── SUPPLIED DATA ──
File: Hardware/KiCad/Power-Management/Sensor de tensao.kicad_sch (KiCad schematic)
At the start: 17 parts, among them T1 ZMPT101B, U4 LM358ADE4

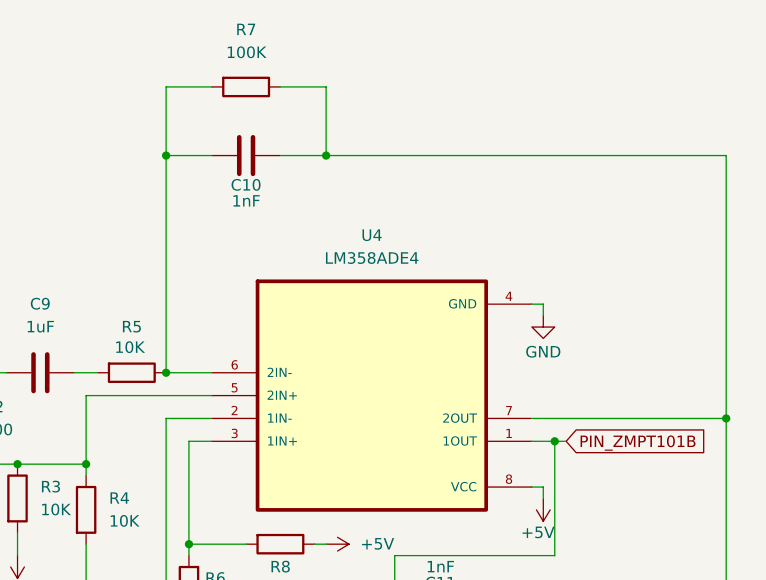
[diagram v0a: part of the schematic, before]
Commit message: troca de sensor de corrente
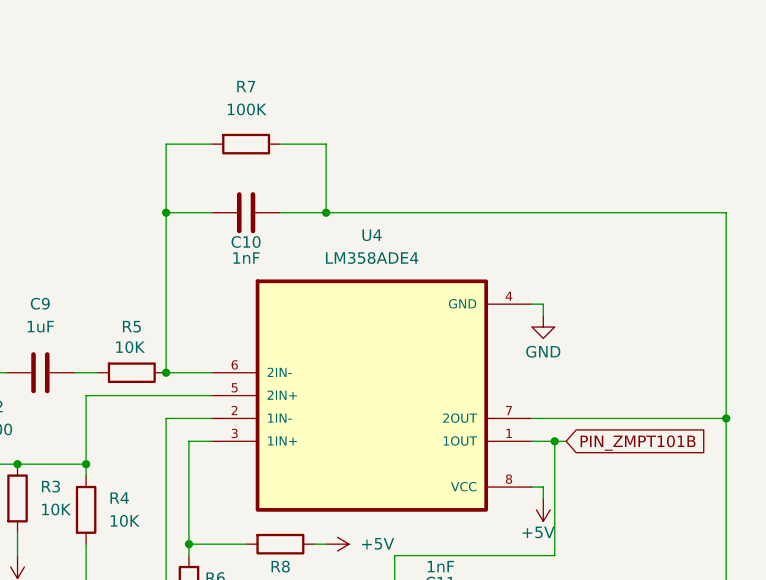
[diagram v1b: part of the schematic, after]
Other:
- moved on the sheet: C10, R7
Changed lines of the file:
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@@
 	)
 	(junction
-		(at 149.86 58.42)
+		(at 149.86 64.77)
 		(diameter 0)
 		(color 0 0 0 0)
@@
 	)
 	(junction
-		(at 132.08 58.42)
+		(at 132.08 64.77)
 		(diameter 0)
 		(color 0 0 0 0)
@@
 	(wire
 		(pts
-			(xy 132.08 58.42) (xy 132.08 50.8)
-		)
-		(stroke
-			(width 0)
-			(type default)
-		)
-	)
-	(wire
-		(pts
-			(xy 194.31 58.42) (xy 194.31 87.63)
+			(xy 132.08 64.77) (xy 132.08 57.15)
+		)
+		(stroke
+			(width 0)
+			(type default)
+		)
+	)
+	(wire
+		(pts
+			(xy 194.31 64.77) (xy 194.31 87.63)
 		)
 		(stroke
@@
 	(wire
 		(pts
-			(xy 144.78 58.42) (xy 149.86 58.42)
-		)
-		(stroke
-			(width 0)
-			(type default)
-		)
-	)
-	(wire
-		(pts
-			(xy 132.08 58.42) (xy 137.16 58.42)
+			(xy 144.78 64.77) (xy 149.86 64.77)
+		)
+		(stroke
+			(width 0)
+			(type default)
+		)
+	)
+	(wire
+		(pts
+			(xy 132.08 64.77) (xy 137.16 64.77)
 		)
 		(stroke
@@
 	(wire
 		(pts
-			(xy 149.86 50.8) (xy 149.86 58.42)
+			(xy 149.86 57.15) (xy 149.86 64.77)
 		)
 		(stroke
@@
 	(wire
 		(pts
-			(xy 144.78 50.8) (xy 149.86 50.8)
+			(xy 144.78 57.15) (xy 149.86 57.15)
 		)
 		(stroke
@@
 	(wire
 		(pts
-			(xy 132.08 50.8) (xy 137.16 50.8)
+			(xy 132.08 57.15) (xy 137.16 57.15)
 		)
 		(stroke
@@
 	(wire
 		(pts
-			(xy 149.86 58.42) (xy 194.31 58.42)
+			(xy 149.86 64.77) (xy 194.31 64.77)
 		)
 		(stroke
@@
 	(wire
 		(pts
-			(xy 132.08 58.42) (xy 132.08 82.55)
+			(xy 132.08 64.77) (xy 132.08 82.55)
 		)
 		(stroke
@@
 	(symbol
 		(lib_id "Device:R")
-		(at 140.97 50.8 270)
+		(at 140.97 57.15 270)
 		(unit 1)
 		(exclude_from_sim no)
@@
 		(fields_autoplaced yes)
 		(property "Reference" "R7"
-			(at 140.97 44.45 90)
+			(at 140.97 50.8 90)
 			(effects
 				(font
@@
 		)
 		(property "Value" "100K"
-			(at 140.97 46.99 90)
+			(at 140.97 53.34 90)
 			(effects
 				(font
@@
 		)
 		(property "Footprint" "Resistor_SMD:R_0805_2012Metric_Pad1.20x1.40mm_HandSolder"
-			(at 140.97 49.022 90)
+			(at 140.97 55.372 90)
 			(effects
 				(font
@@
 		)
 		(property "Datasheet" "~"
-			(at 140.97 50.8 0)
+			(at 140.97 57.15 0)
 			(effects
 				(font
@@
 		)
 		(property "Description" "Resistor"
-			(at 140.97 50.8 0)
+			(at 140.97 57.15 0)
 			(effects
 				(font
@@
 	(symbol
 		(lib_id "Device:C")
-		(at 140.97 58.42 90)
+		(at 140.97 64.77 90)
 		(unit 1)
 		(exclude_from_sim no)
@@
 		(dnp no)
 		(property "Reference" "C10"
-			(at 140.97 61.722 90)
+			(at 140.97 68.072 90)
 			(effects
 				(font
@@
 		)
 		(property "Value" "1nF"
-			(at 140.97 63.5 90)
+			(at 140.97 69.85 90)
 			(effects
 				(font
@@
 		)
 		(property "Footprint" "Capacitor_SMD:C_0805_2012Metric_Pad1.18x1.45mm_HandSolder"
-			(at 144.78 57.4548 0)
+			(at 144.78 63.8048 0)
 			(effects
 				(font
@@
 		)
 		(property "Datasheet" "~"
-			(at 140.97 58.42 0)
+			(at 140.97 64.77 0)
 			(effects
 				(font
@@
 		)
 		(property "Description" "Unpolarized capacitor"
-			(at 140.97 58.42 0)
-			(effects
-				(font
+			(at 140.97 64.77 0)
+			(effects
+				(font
───
Write out the entries above in full and exactly; no pictures.

REPLY =
File: Hardware/KiCad/Power-Management/Sensor de tensao.kicad_sch (KiCad schematic)
At the start: 17 parts, among them T1 ZMPT101B, U4 LM358ADE4

[diagram v0a: part of the schematic, before]
Commit message: troca de sensor de corrente
[diagram v1b: part of the schematic, after]
Other:
- moved on the sheet: C10, R7
Changed lines of the file:
@@
 	)
 	(junction
-		(at 149.86 58.42)
+		(at 149.86 64.77)
 		(diameter 0)
 		(color 0 0 0 0)
@@
 	)
 	(junction
-		(at 132.08 58.42)
+		(at 132.08 64.77)
 		(diameter 0)
 		(color 0 0 0 0)
@@
 	(wire
 		(pts
-			(xy 132.08 58.42) (xy 132.08 50.8)
-		)
-		(stroke
-			(width 0)
-			(type default)
-		)
-	)
-	(wire
-		(pts
-			(xy 194.31 58.42) (xy 194.31 87.63)
+			(xy 132.08 64.77) (xy 132.08 57.15)
+		)
+		(stroke
+			(width 0)
+			(type default)
+		)
+	)
+	(wire
+		(pts
+			(xy 194.31 64.77) (xy 194.31 87.63)
 		)
 		(stroke
@@
 	(wire
 		(pts
-			(xy 144.78 58.42) (xy 149.86 58.42)
-		)
-		(stroke
-			(width 0)
-			(type default)
-		)
-	)
-	(wire
-		(pts
-			(xy 132.08 58.42) (xy 137.16 58.42)
+			(xy 144.78 64.77) (xy 149.86 64.77)
+		)
+		(stroke
+			(width 0)
+			(type default)
+		)
+	)
+	(wire
+		(pts
+			(xy 132.08 64.77) (xy 137.16 64.77)
 		)
 		(stroke
@@
 	(wire
 		(pts
-			(xy 149.86 50.8) (xy 149.86 58.42)
+			(xy 149.86 57.15) (xy 149.86 64.77)
 		)
 		(stroke
@@
 	(wire
 		(pts
-			(xy 144.78 50.8) (xy 149.86 50.8)
+			(xy 144.78 57.15) (xy 149.86 57.15)
 		)
 		(stroke
@@
 	(wire
 		(pts
-			(xy 132.08 50.8) (xy 137.16 50.8)
+			(xy 132.08 57.15) (xy 137.16 57.15)
 		)
 		(stroke
@@
 	(wire
 		(pts
-			(xy 149.86 58.42) (xy 194.31 58.42)
+			(xy 149.86 64.77) (xy 194.31 64.77)
 		)
 		(stroke
@@
 	(wire
 		(pts
-			(xy 132.08 58.42) (xy 132.08 82.55)
+			(xy 132.08 64.77) (xy 132.08 82.55)
 		)
 		(stroke
@@
 	(symbol
 		(lib_id "Device:R")
-		(at 140.97 50.8 270)
+		(at 140.97 57.15 270)
 		(unit 1)
 		(exclude_from_sim no)
@@
 		(fields_autoplaced yes)
 		(property "Reference" "R7"
-			(at 140.97 44.45 90)
+			(at 140.97 50.8 90)
 			(effects
 				(font
@@
 		)
 		(property "Value" "100K"
-			(at 140.97 46.99 90)
+			(at 140.97 53.34 90)
 			(effects
 				(font
@@
 		)
 		(property "Footprint" "Resistor_SMD:R_0805_2012Metric_Pad1.20x1.40mm_HandSolder"
-			(at 140.97 49.022 90)
+			(at 140.97 55.372 90)
 			(effects
 				(font
@@
 		)
 		(property "Datasheet" "~"
-			(at 140.97 50.8 0)
+			(at 140.97 57.15 0)
 			(effects
 				(font
@@
 		)
 		(property "Description" "Resistor"
-			(at 140.97 50.8 0)
+			(at 140.97 57.15 0)
 			(effects
 				(font
@@
 	(symbol
 		(lib_id "Device:C")
-		(at 140.97 58.42 90)
+		(at 140.97 64.77 90)
 		(unit 1)
 		(exclude_from_sim no)
@@
 		(dnp no)
 		(property "Reference" "C10"
-			(at 140.97 61.722 90)
+			(at 140.97 68.072 90)
 			(effects
 				(font
@@
 		)
 		(property "Value" "1nF"
-			(at 140.97 63.5 90)
+			(at 140.97 69.85 90)
 			(effects
 				(font
@@
 		)
 		(property "Footprint" "Capacitor_SMD:C_0805_2012Metric_Pad1.18x1.45mm_HandSolder"
-			(at 144.78 57.4548 0)
+			(at 144.78 63.8048 0)
 			(effects
 				(font
@@
 		)
 		(property "Datasheet" "~"
-			(at 140.97 58.42 0)
+			(at 140.97 64.77 0)
 			(effects
 				(font
@@
 		)
 		(property "Description" "Unpolarized capacitor"
-			(at 140.97 58.42 0)
-			(effects
-				(font
+			(at 140.97 64.77 0)
+			(effects
+				(font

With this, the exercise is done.